= America's Blood Centers =

Network of nonprofit blood banks

Founded in 1962, America's Blood Centers (ABC) is an association of independent non-profit blood centers that operates in Canada and the United States. ABC member organizations operate more than 600 blood collection sites providing close to 60 percent of the U.S., and a quarter of the Canadian, blood supply. These blood centers serve more than 150 million people and provide blood products and services to more than 3,500 hospitals and healthcare facilities across North America. All ABC U.S. members are licensed and regulated by the U.S. Food and Drug Administration. Kate Fry, MBA, CAE, currently leads the organization as Chief Executive Officer.

==Leadership==
===Chief Executive Officers (CEOs)===

CEO
| June 1986 | March 2013 | James MacPherson, MS |
| Sept. 20. 2013 | May 2017 | Christine Zambricki, DNAP, CRNA |
| April 2018 | ~ | Kate Fry, MBA, CAE |

===Presidents===

President
| 2005 | 2007 | Merlyn H. Sayers, M.B., B.Ch., Ph.D. |
| 2007 | ... | Donald Doddridge. |
| ... | ... | ... |
| ... | 2013 | Dan Waxman |
| 2013 | ... | Dave Green |
| ... | ... | ... |
| 2017 | 2019 | Martin Grable. |
| 2019 | 2021 | Mike Parejko. |
| 2021 | ~ | John B. Miller. |

===Chief Medical Officer===
- Jed Gorlin, MD, MBA

===Senior Director, Federal Government Affairs===
- Diane Calmus, JD

===Executive Director, ADRP, An International Division of ABC===
- Carla Peterson

== Activities ==
===ABC Awards of Excellence===
The annual Awards of Excellence are given to individuals, civic groups, media organizations, corporations and advocates involved in blood donation through the awards ceremony. By 2021, it has been held for 24 years.

===Annual Nexcare Give Program Celebrates===
Nexcare is 3M's personal health care brand. Annual Nexcare Give Program Celebrates is a national event in partnership with the Nexcare brand, American Blood Centers, and the American Red Cross. The campaign aims to raise awareness and inspire action by providing donors with Nexcare bandages designed in a different theme each year as a badge of honor, and to thank donors and encourage others to participate on World Blood Donor Day (June 14).

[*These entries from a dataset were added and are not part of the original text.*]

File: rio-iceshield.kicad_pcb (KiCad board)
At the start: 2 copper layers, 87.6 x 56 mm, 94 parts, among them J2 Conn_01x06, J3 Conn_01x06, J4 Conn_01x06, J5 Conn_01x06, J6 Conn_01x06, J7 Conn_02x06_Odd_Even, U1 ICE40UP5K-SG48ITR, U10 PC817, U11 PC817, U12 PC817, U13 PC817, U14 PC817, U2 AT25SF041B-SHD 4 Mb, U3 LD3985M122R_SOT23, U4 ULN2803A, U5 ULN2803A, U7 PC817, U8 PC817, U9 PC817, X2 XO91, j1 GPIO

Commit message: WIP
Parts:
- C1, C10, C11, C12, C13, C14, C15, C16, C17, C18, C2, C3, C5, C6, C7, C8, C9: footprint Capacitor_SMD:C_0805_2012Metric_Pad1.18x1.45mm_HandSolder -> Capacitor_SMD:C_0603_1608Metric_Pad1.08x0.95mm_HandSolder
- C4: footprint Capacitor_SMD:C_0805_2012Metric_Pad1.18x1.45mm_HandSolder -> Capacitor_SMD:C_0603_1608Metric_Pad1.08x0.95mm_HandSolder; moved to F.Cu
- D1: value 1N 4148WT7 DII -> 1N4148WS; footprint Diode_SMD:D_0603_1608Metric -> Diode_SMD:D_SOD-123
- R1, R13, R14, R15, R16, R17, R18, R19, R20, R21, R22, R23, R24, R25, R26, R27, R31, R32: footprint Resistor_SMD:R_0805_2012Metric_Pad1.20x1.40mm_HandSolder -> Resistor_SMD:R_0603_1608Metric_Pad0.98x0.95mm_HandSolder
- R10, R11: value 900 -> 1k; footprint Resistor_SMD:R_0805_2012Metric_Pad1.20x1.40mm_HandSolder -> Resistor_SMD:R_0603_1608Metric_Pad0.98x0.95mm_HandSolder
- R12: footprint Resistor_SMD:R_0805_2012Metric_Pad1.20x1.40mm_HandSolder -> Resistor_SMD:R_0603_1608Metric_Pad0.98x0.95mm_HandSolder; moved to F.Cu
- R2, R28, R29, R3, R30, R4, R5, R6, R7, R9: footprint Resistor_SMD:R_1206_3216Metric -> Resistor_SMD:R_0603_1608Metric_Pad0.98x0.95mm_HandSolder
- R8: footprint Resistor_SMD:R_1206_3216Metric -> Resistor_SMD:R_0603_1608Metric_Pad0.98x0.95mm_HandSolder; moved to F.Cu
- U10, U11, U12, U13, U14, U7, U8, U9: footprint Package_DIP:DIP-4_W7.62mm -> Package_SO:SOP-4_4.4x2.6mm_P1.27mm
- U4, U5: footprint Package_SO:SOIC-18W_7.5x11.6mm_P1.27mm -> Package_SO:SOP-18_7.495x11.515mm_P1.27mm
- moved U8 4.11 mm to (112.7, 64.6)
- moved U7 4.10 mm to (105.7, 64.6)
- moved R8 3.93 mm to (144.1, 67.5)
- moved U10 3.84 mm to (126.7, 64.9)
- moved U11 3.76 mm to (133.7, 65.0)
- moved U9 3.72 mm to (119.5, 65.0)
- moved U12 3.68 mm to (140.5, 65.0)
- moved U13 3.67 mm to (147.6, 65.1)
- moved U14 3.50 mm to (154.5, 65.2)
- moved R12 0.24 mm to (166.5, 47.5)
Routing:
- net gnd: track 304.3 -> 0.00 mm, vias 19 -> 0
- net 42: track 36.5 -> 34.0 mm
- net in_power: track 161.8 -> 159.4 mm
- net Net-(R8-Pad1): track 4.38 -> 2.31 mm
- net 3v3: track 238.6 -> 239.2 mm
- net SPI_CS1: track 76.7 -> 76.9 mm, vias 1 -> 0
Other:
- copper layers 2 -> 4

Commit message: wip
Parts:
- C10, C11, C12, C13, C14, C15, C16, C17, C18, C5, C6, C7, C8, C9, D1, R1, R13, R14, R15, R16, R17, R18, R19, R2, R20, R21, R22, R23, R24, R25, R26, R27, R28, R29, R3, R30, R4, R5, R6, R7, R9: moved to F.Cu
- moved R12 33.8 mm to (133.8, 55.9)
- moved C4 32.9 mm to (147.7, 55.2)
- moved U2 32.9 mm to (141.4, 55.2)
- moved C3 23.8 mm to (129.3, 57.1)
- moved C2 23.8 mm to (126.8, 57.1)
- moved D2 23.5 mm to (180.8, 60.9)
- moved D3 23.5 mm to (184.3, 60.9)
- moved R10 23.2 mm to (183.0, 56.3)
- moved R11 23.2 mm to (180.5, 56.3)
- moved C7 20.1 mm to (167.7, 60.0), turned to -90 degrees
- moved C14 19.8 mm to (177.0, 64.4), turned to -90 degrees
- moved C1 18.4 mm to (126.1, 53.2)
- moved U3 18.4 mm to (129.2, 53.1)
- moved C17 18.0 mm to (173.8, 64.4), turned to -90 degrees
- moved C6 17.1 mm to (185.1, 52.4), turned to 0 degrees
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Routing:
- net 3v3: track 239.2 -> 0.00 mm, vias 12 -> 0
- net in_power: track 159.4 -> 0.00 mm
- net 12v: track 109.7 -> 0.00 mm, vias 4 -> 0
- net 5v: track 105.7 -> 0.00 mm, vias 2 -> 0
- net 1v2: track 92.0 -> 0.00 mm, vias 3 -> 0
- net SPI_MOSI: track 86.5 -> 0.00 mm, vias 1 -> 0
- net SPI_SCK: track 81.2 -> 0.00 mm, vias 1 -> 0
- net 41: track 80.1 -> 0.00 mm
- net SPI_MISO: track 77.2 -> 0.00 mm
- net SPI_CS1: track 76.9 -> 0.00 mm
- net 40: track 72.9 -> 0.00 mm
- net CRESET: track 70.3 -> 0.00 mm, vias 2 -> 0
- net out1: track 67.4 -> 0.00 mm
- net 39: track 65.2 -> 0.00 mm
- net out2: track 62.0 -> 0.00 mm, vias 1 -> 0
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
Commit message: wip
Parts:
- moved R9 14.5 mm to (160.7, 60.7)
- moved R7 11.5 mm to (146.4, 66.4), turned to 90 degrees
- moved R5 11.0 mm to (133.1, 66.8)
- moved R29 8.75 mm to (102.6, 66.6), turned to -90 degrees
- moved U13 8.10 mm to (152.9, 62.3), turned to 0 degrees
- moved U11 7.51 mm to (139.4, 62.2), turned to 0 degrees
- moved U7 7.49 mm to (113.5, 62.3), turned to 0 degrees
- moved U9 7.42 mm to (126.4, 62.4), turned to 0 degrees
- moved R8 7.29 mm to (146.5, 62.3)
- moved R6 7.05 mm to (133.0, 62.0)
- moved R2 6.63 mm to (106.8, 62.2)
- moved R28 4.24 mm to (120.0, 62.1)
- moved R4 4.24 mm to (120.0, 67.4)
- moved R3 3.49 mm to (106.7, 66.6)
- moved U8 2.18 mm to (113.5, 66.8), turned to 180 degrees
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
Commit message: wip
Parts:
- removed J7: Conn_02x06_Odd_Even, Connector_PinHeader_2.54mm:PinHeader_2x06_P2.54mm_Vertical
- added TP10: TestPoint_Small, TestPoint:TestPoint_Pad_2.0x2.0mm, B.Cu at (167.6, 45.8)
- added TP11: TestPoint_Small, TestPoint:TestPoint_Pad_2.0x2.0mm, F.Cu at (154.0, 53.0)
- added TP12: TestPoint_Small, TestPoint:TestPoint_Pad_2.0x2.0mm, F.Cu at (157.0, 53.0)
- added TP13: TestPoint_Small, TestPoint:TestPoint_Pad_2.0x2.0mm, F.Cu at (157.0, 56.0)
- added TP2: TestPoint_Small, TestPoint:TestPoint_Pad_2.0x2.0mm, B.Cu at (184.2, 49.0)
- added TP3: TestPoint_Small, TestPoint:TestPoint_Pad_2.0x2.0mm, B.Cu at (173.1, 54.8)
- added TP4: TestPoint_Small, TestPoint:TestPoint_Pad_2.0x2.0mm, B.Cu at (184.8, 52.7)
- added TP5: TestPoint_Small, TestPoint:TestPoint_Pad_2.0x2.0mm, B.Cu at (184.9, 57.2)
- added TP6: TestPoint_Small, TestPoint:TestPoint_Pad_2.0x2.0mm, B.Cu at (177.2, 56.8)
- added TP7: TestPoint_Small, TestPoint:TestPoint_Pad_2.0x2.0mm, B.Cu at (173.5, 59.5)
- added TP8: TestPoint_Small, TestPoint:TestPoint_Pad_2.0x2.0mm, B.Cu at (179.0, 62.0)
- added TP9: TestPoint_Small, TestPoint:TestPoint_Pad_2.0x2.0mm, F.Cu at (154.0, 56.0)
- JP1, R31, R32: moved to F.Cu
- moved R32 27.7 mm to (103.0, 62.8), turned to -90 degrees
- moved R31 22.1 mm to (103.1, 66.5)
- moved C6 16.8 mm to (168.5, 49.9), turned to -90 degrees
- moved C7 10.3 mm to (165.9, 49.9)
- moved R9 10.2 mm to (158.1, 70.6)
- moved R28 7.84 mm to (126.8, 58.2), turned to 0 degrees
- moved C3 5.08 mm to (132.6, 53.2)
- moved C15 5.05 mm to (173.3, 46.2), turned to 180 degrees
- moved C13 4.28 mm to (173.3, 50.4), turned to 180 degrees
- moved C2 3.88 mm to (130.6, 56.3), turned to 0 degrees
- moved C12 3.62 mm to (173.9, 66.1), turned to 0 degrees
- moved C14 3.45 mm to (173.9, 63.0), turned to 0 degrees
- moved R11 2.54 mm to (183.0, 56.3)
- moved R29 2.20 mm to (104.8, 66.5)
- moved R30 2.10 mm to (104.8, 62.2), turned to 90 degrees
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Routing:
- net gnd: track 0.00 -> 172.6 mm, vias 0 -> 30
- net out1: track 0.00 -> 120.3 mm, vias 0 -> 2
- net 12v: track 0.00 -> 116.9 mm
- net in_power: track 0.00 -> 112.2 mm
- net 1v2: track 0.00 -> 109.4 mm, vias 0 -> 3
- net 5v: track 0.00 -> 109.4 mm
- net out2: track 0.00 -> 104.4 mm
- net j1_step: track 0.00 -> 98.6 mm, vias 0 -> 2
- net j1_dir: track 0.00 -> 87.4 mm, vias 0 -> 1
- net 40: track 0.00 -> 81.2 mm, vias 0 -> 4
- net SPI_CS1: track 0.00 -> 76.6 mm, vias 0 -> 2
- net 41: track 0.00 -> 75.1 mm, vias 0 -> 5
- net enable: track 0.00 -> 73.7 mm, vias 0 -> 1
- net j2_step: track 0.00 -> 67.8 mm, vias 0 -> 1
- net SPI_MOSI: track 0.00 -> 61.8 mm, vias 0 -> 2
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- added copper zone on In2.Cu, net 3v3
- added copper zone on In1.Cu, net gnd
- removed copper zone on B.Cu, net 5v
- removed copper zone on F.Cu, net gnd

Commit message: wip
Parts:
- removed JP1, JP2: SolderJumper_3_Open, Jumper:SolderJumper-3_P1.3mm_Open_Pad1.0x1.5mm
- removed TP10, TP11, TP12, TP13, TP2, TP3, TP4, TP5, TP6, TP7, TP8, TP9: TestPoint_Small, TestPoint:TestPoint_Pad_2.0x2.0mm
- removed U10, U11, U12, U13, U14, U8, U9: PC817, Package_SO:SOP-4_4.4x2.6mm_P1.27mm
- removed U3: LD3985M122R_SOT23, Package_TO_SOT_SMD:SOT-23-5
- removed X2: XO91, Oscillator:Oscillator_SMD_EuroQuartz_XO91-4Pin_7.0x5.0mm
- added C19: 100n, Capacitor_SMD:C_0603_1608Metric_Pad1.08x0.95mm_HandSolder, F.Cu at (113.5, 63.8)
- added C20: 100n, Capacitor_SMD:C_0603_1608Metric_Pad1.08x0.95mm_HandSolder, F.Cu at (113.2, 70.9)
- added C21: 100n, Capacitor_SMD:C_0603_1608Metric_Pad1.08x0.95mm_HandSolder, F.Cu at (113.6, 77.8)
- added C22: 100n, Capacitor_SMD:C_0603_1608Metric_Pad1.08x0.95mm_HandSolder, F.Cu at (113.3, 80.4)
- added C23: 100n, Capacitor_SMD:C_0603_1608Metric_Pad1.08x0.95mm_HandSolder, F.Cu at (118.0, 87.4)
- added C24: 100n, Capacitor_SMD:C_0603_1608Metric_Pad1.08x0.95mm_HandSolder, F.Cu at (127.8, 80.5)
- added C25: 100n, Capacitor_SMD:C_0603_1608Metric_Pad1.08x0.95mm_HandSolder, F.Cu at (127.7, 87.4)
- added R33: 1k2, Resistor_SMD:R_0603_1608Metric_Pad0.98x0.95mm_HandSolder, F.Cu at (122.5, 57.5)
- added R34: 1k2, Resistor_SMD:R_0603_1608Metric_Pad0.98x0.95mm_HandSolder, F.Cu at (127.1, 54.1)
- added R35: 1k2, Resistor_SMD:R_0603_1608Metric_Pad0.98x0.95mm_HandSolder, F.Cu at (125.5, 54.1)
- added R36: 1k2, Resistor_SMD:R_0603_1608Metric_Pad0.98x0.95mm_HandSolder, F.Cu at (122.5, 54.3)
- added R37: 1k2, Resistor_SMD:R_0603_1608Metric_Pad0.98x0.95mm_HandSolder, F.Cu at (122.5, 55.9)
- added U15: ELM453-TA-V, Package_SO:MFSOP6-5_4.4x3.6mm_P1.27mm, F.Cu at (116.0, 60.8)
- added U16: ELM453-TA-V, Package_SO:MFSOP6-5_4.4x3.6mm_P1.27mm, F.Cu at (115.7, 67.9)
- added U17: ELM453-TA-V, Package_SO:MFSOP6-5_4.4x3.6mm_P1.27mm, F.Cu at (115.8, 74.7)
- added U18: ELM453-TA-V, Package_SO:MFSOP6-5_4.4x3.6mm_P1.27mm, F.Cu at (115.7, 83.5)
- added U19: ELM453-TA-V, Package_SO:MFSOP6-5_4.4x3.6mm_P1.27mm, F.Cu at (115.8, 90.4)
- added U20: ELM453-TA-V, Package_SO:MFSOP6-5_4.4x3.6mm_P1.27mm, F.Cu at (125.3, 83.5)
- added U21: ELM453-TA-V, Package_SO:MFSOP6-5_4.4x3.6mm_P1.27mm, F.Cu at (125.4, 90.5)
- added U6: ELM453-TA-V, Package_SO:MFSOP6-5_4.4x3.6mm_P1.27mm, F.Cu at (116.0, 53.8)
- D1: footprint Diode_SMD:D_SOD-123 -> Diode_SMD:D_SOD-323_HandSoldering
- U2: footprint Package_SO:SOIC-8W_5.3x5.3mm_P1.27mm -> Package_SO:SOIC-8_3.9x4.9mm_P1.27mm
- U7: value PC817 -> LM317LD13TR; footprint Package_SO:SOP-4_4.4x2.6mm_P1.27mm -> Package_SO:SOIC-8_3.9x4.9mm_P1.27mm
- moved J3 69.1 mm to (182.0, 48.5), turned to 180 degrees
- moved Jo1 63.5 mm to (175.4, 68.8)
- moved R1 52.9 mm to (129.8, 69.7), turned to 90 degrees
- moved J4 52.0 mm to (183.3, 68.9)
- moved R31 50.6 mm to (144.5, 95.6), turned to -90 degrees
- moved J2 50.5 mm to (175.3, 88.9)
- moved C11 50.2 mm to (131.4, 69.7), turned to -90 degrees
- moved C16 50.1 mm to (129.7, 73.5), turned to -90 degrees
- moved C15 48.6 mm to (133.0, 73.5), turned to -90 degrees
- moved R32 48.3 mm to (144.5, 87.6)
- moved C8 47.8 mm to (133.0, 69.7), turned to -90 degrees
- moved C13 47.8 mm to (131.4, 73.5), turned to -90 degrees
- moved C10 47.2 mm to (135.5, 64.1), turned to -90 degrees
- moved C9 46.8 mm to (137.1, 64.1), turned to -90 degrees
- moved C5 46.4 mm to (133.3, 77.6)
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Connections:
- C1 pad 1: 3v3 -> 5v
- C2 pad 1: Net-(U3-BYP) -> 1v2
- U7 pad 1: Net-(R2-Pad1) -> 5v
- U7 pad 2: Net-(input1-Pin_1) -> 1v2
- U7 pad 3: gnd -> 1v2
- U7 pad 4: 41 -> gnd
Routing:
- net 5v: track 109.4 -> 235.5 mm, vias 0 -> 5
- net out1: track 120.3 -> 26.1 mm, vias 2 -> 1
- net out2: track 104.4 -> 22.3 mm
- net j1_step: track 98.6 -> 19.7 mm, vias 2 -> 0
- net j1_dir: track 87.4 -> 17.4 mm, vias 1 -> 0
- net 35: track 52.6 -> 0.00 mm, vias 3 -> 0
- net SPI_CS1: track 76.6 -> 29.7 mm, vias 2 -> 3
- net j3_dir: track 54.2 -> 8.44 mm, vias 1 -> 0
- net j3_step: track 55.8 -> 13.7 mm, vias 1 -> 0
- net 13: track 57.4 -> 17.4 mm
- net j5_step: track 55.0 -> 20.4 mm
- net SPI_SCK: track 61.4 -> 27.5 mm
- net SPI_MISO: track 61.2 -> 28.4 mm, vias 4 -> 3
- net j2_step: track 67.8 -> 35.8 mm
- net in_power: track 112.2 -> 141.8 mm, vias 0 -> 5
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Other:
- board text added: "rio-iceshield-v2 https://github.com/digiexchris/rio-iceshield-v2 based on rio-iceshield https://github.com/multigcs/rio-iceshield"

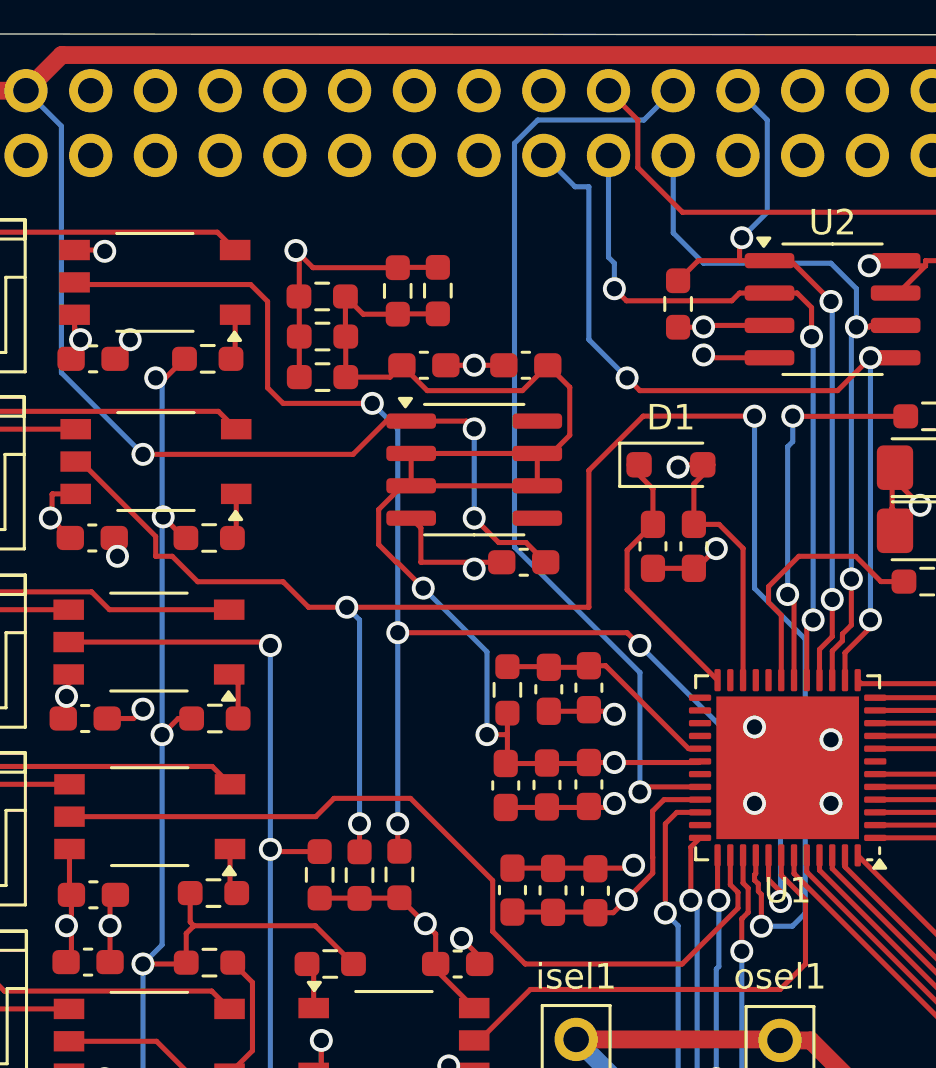
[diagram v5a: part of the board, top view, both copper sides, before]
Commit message: Fix missing clk line
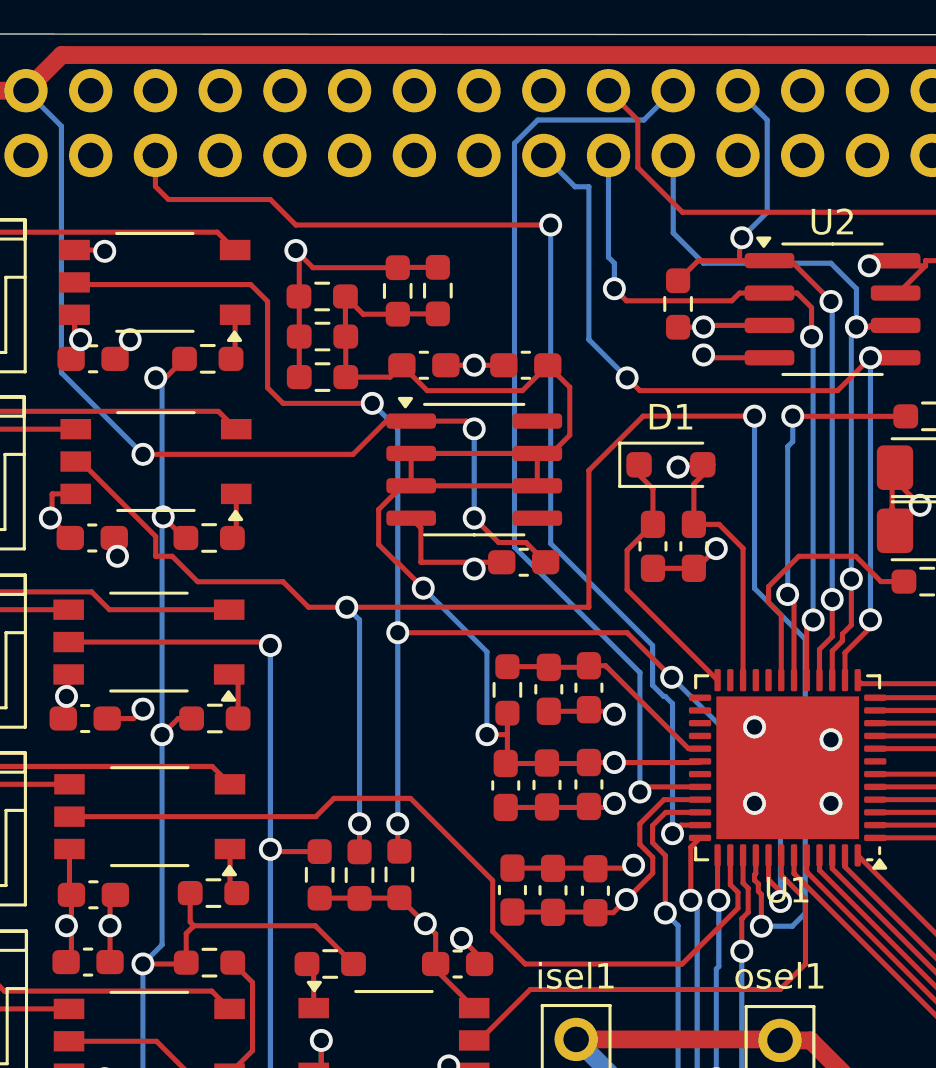
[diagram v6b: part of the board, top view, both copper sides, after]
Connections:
- j1 pad 7: RPI_CLK -> 35
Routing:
- net 35: track 0.00 -> 44.5 mm, vias 0 -> 2
- net 34: track 25.2 -> 25.9 mm

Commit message: Documentation update
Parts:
- added G***: LOGO, rio-solidwater-shield:qrcode-13.9x13.9, B.Cu at (160.5, 56.0)
- moved J2 1.36 mm to (173.9, 88.9)
- moved Jo1 1.36 mm to (174.0, 68.8)
- renumbered +24V-1 to EXT
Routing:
- net j2_dir: track 32.8 -> 50.1 mm
- net j2_step: track 35.8 -> 50.3 mm
- net enable: track 79.8 -> 84.6 mm
- net 5v: track 235.5 -> 238.2 mm
- net j1_step: track 19.7 -> 18.3 mm
- net j1_dir: track 17.4 -> 16.0 mm
- net 12v: track 125.9 -> 127.3 mm
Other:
- board text added: "+ 5-50v -"
- board text added: "EXT 5v"
- board text added: "I1: G + S"
- board text added: "I2: G + S"
- board text added: "I3: G + S"
- board text added: "I4: G + S"
- board text added: "I5: G + S"
- board text added: "I6: G + S"
- board text added: "I7: G + S"
- board text added: "I8: G + S"
- board text added: "O1: G + S"
- board text added: "O2: G + S"
- board text added: "S + -"
- board text added: "S1: D S E 5v G EXT"
- board text added: "S2: D S E 5v G EXT"
- board text added: "S3: D S E 5v G EXT"
- board text added: "S4: D S E 5v G EXT"
- board text added: "S5: D S E 5v G EXT"
- board text added: "S6: D S E 5v G EXT"
- board text added: "rio-solidwater-shield"
- board text removed: "rio-iceshield-v2 https://github.com/digiexchris/rio-iceshield-v2 based on rio-iceshield https://github.com/multigcs/rio-iceshield"

====3rd Annual Nexcare give Program====
- June 14–19, 2011.
- The bandage theme for this giveaway was derived from the latest runway trends of the time and featured vibrant designs such as V-shaped, plaid, chevron, zebra print, and "classic." The idea expressed in this issue is "helping to save a life is always in style."

====4th Annual Nexcare give Program====
- June 11–14, 2012.
- The 2012 designs are drawn from the fashion, design, and pop culture of the 1950s through the 2000s, including everything from vintage polka dots and tie-dye to plaid checks. This vintage design conveys the theme of "giving blood is timeless".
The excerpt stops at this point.